XX век был последним веком нашего расцвета и нашего господства. Черт с ним, с господством, хотя сознавать свою грядущую не то чтобы второсортность, но второзначимость, – труднопереносимо. Но растекаться песком в грядущем времени – вовсе невесело.
Азия, могучая Азия заступает на наше место. Плодовитая, трудолюбивая, жестокая. Она будет рубить руки и головы и долго-долго не позволит наступать себе на хвост.
Все чаще Закон предпочитает права личности – правам общества. Налицо разрушительная тенденция «…»
Если вогнать человеку – нормальному, обычному, современному дозу психоделика, хоть того же кетамина, то в трех случаях из пяти в нем обнаружится коммунистический идеал. Вскрываются пласты подсознания, и он ходит в прекрасном и ярком воображаемом мире по грудам денег, обладает бесчисленными кинозвездами и купается в лучах мировой славы, это запросто, элементарно, это даже перестает быть особенно желанным; а в качестве высшего желания, высшего счастья – он хочет и грезит: «Счастья, для всех, даром, и пусть никто не уйдет обиженным».
Юнг назвал бы в этом случае коммунистический идеал «коллективным бессознательным»: вот на генетическом уровне живет в психике человека такая штука.
Я бы расценил это иначе. В наркотической эйфории человек испытывает максимальную положительную эмоцию. И грезящее сознание подыскивает этому ощущению адекватную форму на интеллектуальном и событийном уровнях: отчего мне предельно хорошо? что это такое, как назвать? чем это вызвано, чему это соответствует в «реальном» мире, в котором я сейчас живу?
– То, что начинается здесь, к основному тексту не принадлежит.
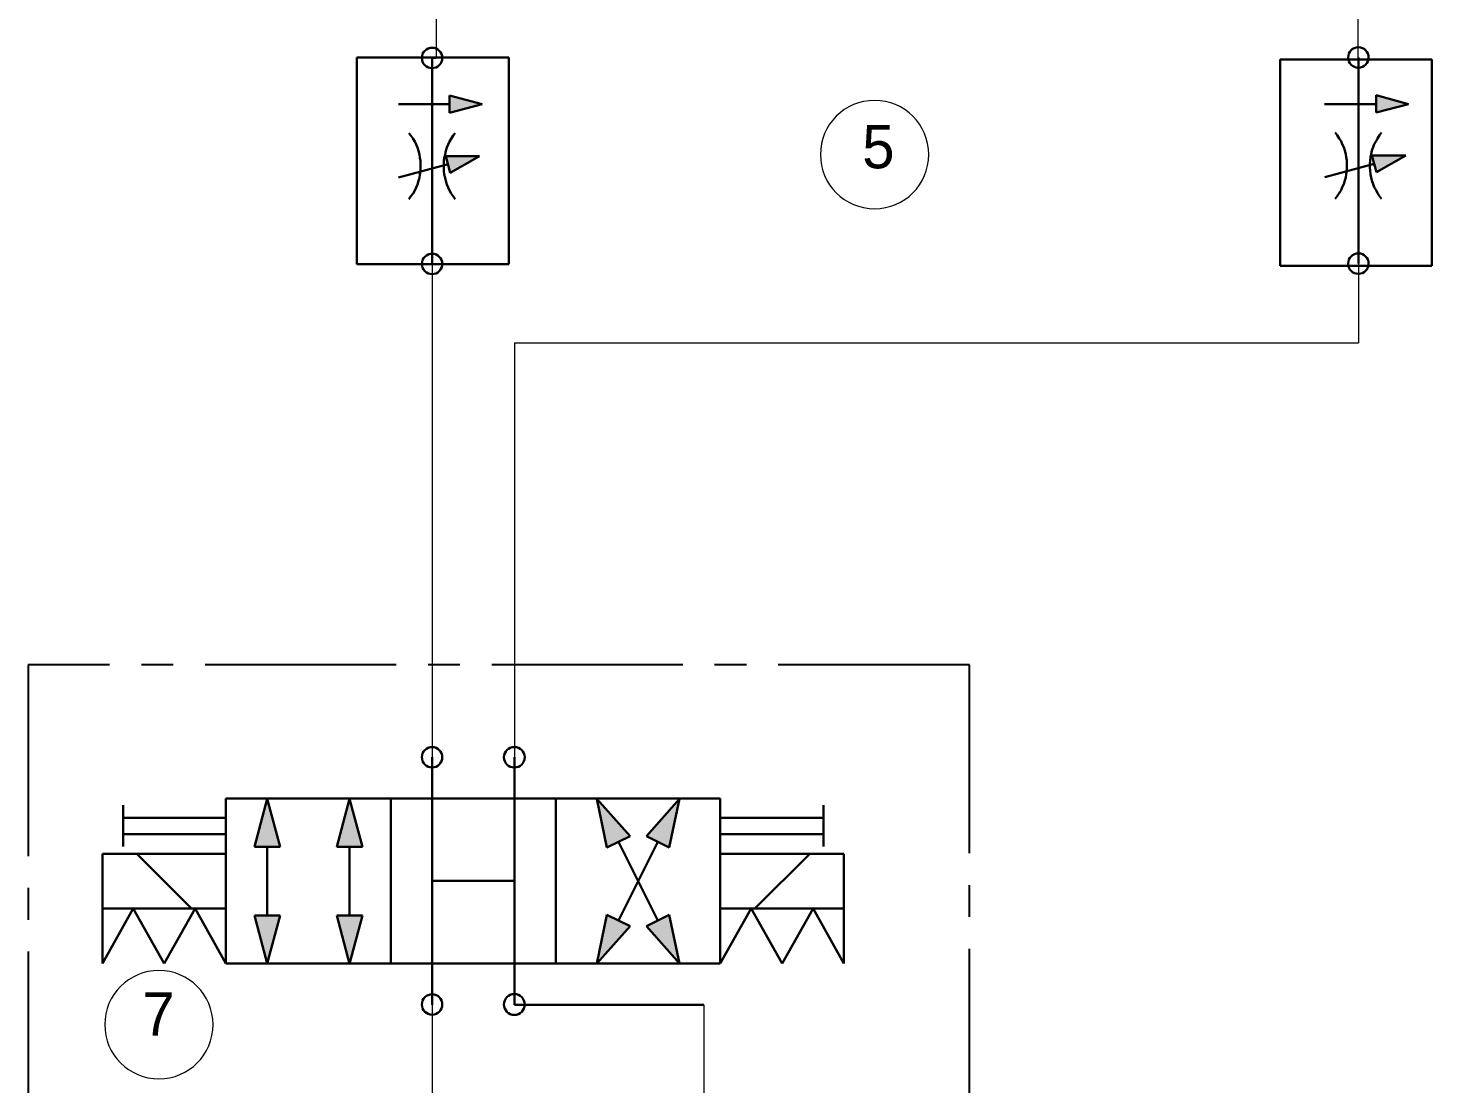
# Model space of a CAD drawing. Header units: millimetres. Extents: x 701 to 3045, y -109 to 653.
# Drawn here: x 844.7 to 984.7, y 199.2 to 304.5 of the extents above; entities that cross this region are included whole.
import ezdxf

# ---------------------------------------------------------------- set-up
doc = ezdxf.new("R2010")
doc.units = ezdxf.units.MM
doc.linetypes.add('CENTER2', pattern=[28.575, 19.05, -3.175, 3.175, -3.175])
doc.layers.add('05 CAUDAL DE MEDICIÓN', color=2, linetype='Continuous', lineweight=30)
doc.layers.add('11 UNIDAD INTEGRADA', color=7, linetype='CENTER2')

msp = doc.modelspace()

# ---------------------------------------------------------------- hatches: boundary and pattern name
at = {"layer": '05 CAUDAL DE MEDICIÓN'}
for points in [[(889.96, 296.87), (886.7, 296.02), (886.7, 297.75)], [(982.32, 296.9), (979.09, 296.06), (979.09, 297.79)], [(889.69, 291.71), (886.77, 290.04), (886.33, 291.71)], [(982.05, 291.78), (979.13, 290.11), (978.69, 291.78)], [(868.53, 227.64), (869.82, 222.86), (867.27, 222.86)], [(876.75, 227.64), (878.04, 222.86), (875.46, 222.86)], [(901.41, 227.64), (904.71, 223.94), (902.4, 222.79)], [(909.63, 227.64), (908.61, 222.79), (906.34, 223.94)], [(869.82, 216.03), (868.53, 211.24), (867.27, 216.03)], [(875.46, 216.03), (878.04, 216.03), (876.75, 211.2)], [(902.4, 216.1), (904.71, 214.94), (901.41, 211.24)], [(908.61, 216.1), (909.63, 211.24), (906.34, 214.94)]]:
    msp.add_hatch(color=2, dxfattribs=at).paths.add_polyline_path(points)

# ---------------------------------------------------------------- linework, layer by layer
at = {"color": 3, "linetype": 'Continuous', "lineweight": 0}
for p, q in [((885.38, 342.62), (885.38, 301.49)), ((977.29, 341.98), (977.29, 301.52)), ((884.97, 280.94), (884.97, 231.79)), ((977.33, 281.01), (977.33, 273.09)), ((893.19, 273.09), (977.33, 273.09)), ((893.19, 273.09), (893.19, 231.79)), ((884.97, 207.13), (884.97, 182.5))]:
    msp.add_line(p, q, dxfattribs=at)
at = {"color": 170, "linetype": 'Continuous', "lineweight": 0}
msp.add_line((912.08, 207.13), (912.08, 182.5), dxfattribs=at)
at = {"color": 4, "linetype": 'Continuous', "lineweight": 0, "extrusion": (0, 0, -1)}
for centre in [(929.09, 291.86), (857.73, 205.14)]:
    msp.add_ellipse(centre, major_axis=(5.4, 0), ratio=1, dxfattribs=at)
at = {"layer": '05 CAUDAL DE MEDICIÓN', "color": 2, "linetype": 'Continuous'}
for p, q in [((877.46, 301.52), (892.61, 301.52)), ((877.46, 280.94), (877.46, 301.52)), ((884.97, 301.49), (885.38, 301.49)), ((884.97, 301.49), (884.97, 280.94)), ((892.61, 301.52), (892.61, 280.94)), ((969.52, 301.35), (984.67, 301.35)), ((969.52, 280.77), (969.52, 301.35)), ((977.29, 301.52), (977.33, 301.52)), ((977.33, 301.52), (977.33, 281.01)), ((984.67, 301.35), (984.67, 280.77)), ((881.61, 296.87), (886.7, 296.87)), ((886.7, 296.02), (886.7, 297.75)), ((886.7, 297.75), (889.96, 296.87)), ((886.7, 296.02), (886.7, 297.75)), ((886.7, 297.75), (889.96, 296.87)), ((889.96, 296.87), (886.7, 296.02)), ((889.96, 296.87), (886.7, 296.02)), ((973.97, 296.9), (979.09, 296.9)), ((979.09, 296.06), (979.09, 297.79)), ((979.09, 297.79), (982.32, 296.9)), ((979.09, 296.06), (979.09, 297.79)), ((979.09, 297.79), (982.32, 296.9)), ((982.32, 296.9), (979.09, 296.06)), ((982.32, 296.9), (979.09, 296.06)), ((882.86, 293.75), (882.66, 293.98)), ((887.28, 293.98), (887.08, 293.75)), ((975.22, 293.78), (975.02, 294.05)), ((979.64, 294.05), (979.43, 293.78)), ((883.07, 293.44), (882.86, 293.75)), ((883.24, 293.17), (883.07, 293.44)), ((883.37, 292.86), (883.24, 293.17)), ((883.51, 292.56), (883.37, 292.86)), ((886.57, 292.86), (886.43, 292.56)), ((886.7, 293.17), (886.57, 292.86)), ((886.87, 293.44), (886.7, 293.17)), ((887.08, 293.75), (886.87, 293.44)), ((975.43, 293.47), (975.22, 293.78)), ((975.6, 293.2), (975.43, 293.47)), ((975.73, 292.9), (975.6, 293.2)), ((975.87, 292.59), (975.73, 292.9)), ((975.97, 292.25), (975.87, 292.59)), ((978.79, 292.59), (978.69, 292.25)), ((978.92, 292.9), (978.79, 292.59)), ((979.09, 293.2), (978.92, 292.9)), ((979.23, 293.47), (979.09, 293.2)), ((979.43, 293.78), (979.23, 293.47)), ((883.61, 292.22), (883.51, 292.56)), ((883.71, 291.88), (883.61, 292.22)), ((883.75, 291.54), (883.71, 291.88)), ((883.82, 291.23), (883.75, 291.54)), ((883.82, 290.89), (883.82, 291.23)), ((886.19, 291.54), (886.13, 291.23)), ((886.13, 291.23), (886.13, 290.89)), ((886.26, 291.88), (886.19, 291.54)), ((886.33, 292.22), (886.26, 291.88)), ((886.43, 292.56), (886.33, 292.22)), ((886.77, 290.04), (886.33, 291.71)), ((886.33, 291.71), (889.69, 291.71)), ((886.77, 290.04), (886.33, 291.71)), ((886.33, 291.71), (889.69, 291.71)), ((889.69, 291.71), (886.77, 290.04)), ((889.69, 291.71), (886.77, 290.04)), ((976.07, 291.91), (975.97, 292.25)), ((976.11, 291.61), (976.07, 291.91)), ((976.17, 291.27), (976.11, 291.61)), ((976.17, 290.93), (976.17, 291.27)), ((978.52, 291.27), (978.48, 290.93)), ((978.55, 291.61), (978.52, 291.27)), ((978.62, 291.91), (978.55, 291.61)), ((978.69, 292.25), (978.62, 291.91)), ((979.13, 290.11), (978.69, 291.78)), ((978.69, 291.78), (982.05, 291.78)), ((979.13, 290.11), (978.69, 291.78)), ((978.69, 291.78), (982.05, 291.78)), ((982.05, 291.78), (979.13, 290.11)), ((982.05, 291.78), (979.13, 290.11)), ((881.61, 289.57), (886.57, 290.89)), ((883.71, 289.53), (883.75, 289.87)), ((883.75, 289.87), (883.82, 290.21)), ((883.82, 290.55), (883.82, 290.89)), ((883.82, 290.21), (883.82, 290.55)), ((886.13, 290.89), (886.13, 290.55)), ((886.13, 290.55), (886.13, 290.21)), ((886.13, 290.21), (886.19, 289.87)), ((886.19, 289.87), (886.26, 289.53)), ((974, 289.6), (978.92, 290.93)), ((976.07, 289.57), (976.11, 289.91)), ((976.11, 289.91), (976.17, 290.25)), ((976.17, 290.59), (976.17, 290.93)), ((976.17, 290.25), (976.17, 290.59)), ((978.48, 290.93), (978.48, 290.59)), ((978.48, 290.59), (978.52, 290.25)), ((978.52, 290.25), (978.55, 289.91)), ((978.55, 289.91), (978.62, 289.57)), ((883.24, 288.28), (883.37, 288.58)), ((883.37, 288.58), (883.51, 288.89)), ((883.51, 288.89), (883.61, 289.23)), ((883.61, 289.23), (883.71, 289.53)), ((886.26, 289.53), (886.33, 289.23)), ((886.33, 289.23), (886.43, 288.89)), ((886.43, 288.89), (886.57, 288.58)), ((886.57, 288.58), (886.7, 288.28)), ((975.6, 288.31), (975.73, 288.62)), ((975.73, 288.62), (975.87, 288.92)), ((975.87, 288.92), (975.97, 289.26)), ((975.97, 289.26), (976.07, 289.57)), ((978.62, 289.57), (978.69, 289.26)), ((978.69, 289.26), (978.79, 288.92)), ((978.79, 288.92), (978.92, 288.62)), ((978.92, 288.62), (979.09, 288.31)), ((882.66, 287.43), (882.86, 287.7)), ((882.86, 287.7), (883.07, 287.97)), ((883.07, 287.97), (883.24, 288.28)), ((886.7, 288.28), (886.87, 287.97)), ((886.87, 287.97), (887.08, 287.7)), ((887.08, 287.7), (887.28, 287.43)), ((975.02, 287.46), (975.22, 287.73)), ((975.22, 287.73), (975.43, 288)), ((975.43, 288), (975.6, 288.31)), ((979.09, 288.31), (979.23, 288)), ((979.23, 288), (979.43, 287.73)), ((979.43, 287.73), (979.64, 287.46)), ((892.61, 280.94), (877.46, 280.94)), ((984.67, 280.77), (969.52, 280.77)), ((884.97, 227.68), (884.97, 231.79)), ((893.19, 227.68), (893.19, 231.79)), ((854.16, 227), (854.16, 222.89)), ((864.42, 211.24), (864.42, 227.68)), ((864.42, 227.68), (913.71, 227.68)), ((867.27, 222.86), (868.53, 227.64)), ((867.27, 222.86), (868.53, 227.64)), ((868.53, 227.64), (869.82, 222.86)), ((868.53, 227.64), (869.82, 222.86)), ((875.46, 222.86), (876.75, 227.64)), ((875.46, 222.86), (876.75, 227.64)), ((876.75, 227.64), (878.04, 222.86)), ((876.75, 227.64), (878.04, 222.86)), ((880.86, 227.68), (880.86, 211.24)), ((884.97, 211.24), (884.97, 227.68)), ((893.19, 227.68), (893.19, 211.24)), ((897.3, 227.68), (897.3, 211.24)), ((901.41, 227.64), (904.71, 223.94)), ((902.4, 222.79), (901.41, 227.64)), ((901.41, 227.64), (904.71, 223.94)), ((902.4, 222.79), (901.41, 227.64)), ((906.34, 223.94), (909.63, 227.64)), ((906.34, 223.94), (909.63, 227.64)), ((909.63, 227.64), (908.61, 222.79)), ((909.63, 227.64), (908.61, 222.79)), ((913.71, 227.68), (913.71, 211.24)), ((924, 227), (924, 222.89)), ((854.16, 225.74), (864.42, 225.74)), ((924, 225.74), (913.74, 225.74)), ((854.16, 224.11), (864.42, 224.11)), ((924, 224.11), (913.74, 224.11)), ((869.82, 222.86), (867.27, 222.86)), ((869.82, 222.86), (867.27, 222.86)), ((868.53, 222.86), (868.53, 216.03)), ((878.04, 222.86), (875.46, 222.86)), ((878.04, 222.86), (875.46, 222.86)), ((876.75, 222.86), (876.75, 216.03)), ((904.71, 223.94), (902.4, 222.79)), ((904.71, 223.94), (902.4, 222.79)), ((907.49, 215.52), (903.55, 223.37)), ((903.55, 215.52), (907.49, 223.37)), ((908.61, 222.79), (906.34, 223.94)), ((908.61, 222.79), (906.34, 223.94)), ((852.09, 216.71), (852.09, 222.18)), ((852.09, 222.18), (864.42, 222.18)), ((855.52, 222.18), (860.99, 216.71)), ((926.04, 222.18), (913.71, 222.18)), ((922.64, 222.18), (917.14, 216.71)), ((926.04, 216.71), (926.04, 222.18)), ((893.19, 219.46), (884.97, 219.46)), ((852.09, 216.71), (864.42, 216.71)), ((852.09, 211.24), (855.18, 216.71)), ((852.09, 211.24), (852.09, 216.71)), ((858.27, 211.24), (855.18, 216.71)), ((858.27, 211.24), (861.33, 216.71)), ((864.42, 211.24), (861.33, 216.71)), ((868.53, 211.24), (867.27, 216.03)), ((867.27, 216.03), (869.82, 216.03)), ((868.53, 211.24), (867.27, 216.03)), ((867.27, 216.03), (869.82, 216.03)), ((869.82, 216.03), (868.53, 211.24)), ((869.82, 216.03), (868.53, 211.24)), ((875.46, 216.03), (878.04, 216.03)), ((876.75, 211.2), (875.46, 216.03)), ((875.46, 216.03), (878.04, 216.03)), ((876.75, 211.2), (875.46, 216.03)), ((878.04, 216.03), (876.75, 211.2)), ((878.04, 216.03), (876.75, 211.2)), ((901.41, 211.24), (902.4, 216.1)), ((901.41, 211.24), (902.4, 216.1)), ((902.4, 216.1), (904.71, 214.94)), ((902.4, 216.1), (904.71, 214.94)), ((906.34, 214.94), (908.61, 216.1)), ((906.34, 214.94), (908.61, 216.1)), ((908.61, 216.1), (909.63, 211.24)), ((908.61, 216.1), (909.63, 211.24)), ((926.04, 216.71), (913.71, 216.71)), ((913.71, 211.24), (916.8, 216.71)), ((919.89, 211.24), (916.8, 216.71)), ((919.89, 211.24), (922.98, 216.71)), ((926.04, 211.24), (922.98, 216.71)), ((926.04, 211.24), (926.04, 216.71)), ((904.71, 214.94), (901.41, 211.24)), ((904.71, 214.94), (901.41, 211.24)), ((909.63, 211.24), (906.34, 214.94)), ((909.63, 211.24), (906.34, 214.94)), ((913.71, 211.24), (864.42, 211.24)), ((884.97, 211.24), (884.97, 207.13)), ((893.19, 211.24), (893.19, 207.13)), ((893.19, 207.13), (912.08, 207.13))]:
    msp.add_line(p, q, dxfattribs=at)
for centre, radius in [((884.97, 301.49), 1.02), ((884.97, 301.49), 1.02), ((884.97, 231.79), 1.02), ((884.97, 231.79), 1.02), ((893.17, 207.15), 1.04), ((893.17, 207.15), 1.04)]:
    msp.add_circle(centre, radius, dxfattribs=at)
at = {"layer": '05 CAUDAL DE MEDICIÓN', "color": 2, "linetype": 'Continuous', "extrusion": (0, 0, -1)}
for centre, major_axis, ratio in [((977.33, 301.54), (1.02, 0), 1), ((977.33, 301.54), (1.02, 0), 1), ((884.97, 280.96), (1.02, 0), 1), ((884.97, 280.96), (1.02, 0), 1), ((977.33, 280.99), (1.02, 0), 1), ((977.33, 280.99), (1.02, 0), 1), ((893.17, 231.79), (1.04, 0), 0.983607), ((893.17, 231.79), (1.04, 0), 0.983607), ((884.97, 207.15), (1.02, 0), 1), ((884.97, 207.15), (1.02, 0), 1)]:
    msp.add_ellipse(centre, major_axis=major_axis, ratio=ratio, dxfattribs=at)
at = {"layer": '11 UNIDAD INTEGRADA'}
for p, q in [((938.54, 240.99), (844.69, 240.99)), ((844.69, 240.99), (844.69, 165.08)), ((938.54, 165.08), (938.54, 240.99))]:
    msp.add_line(p, q, dxfattribs=at)

# ---------------------------------------------------------------- texts
at = {"color": 170}
for s, p in [('5', (927.86, 290.49)), ('7', (856.08, 204.04))]:
    msp.add_text(s, height=4.33, dxfattribs=at).set_placement(p)

doc.saveas('drawing.dxf')

Богатство, секс, слава, грезящиеся под наркотой – это оформленный в понятия и представления адекват высшего наслаждения: мне очень хорошо, а хорошее ассоциируется в моем представлении с тем-то и тем-то, вот оно у меня сейчас и есть. (Это сродни механизму сновидений: эмоция, не контролируемая впрямую реальностью, возбуждает адекватный себе визуально-событийный ряд как бы реальных и одновременно фантастических событий.) То есть определенным мыслям соответствуют определенные ощущения с одной стороны – и определенные пласты реальной жизни с другой; воздействуя на одно звено, мы через него опосредованно воздействуем и на два других: новая картина жизни вызовет соответствующие мысли и чувства а новое ощущение, без прямого контроля бодрствующего сознания, вызовет соответствующие мысли и картины реальности. Триединая цепь: ощущения – сознание – реальность.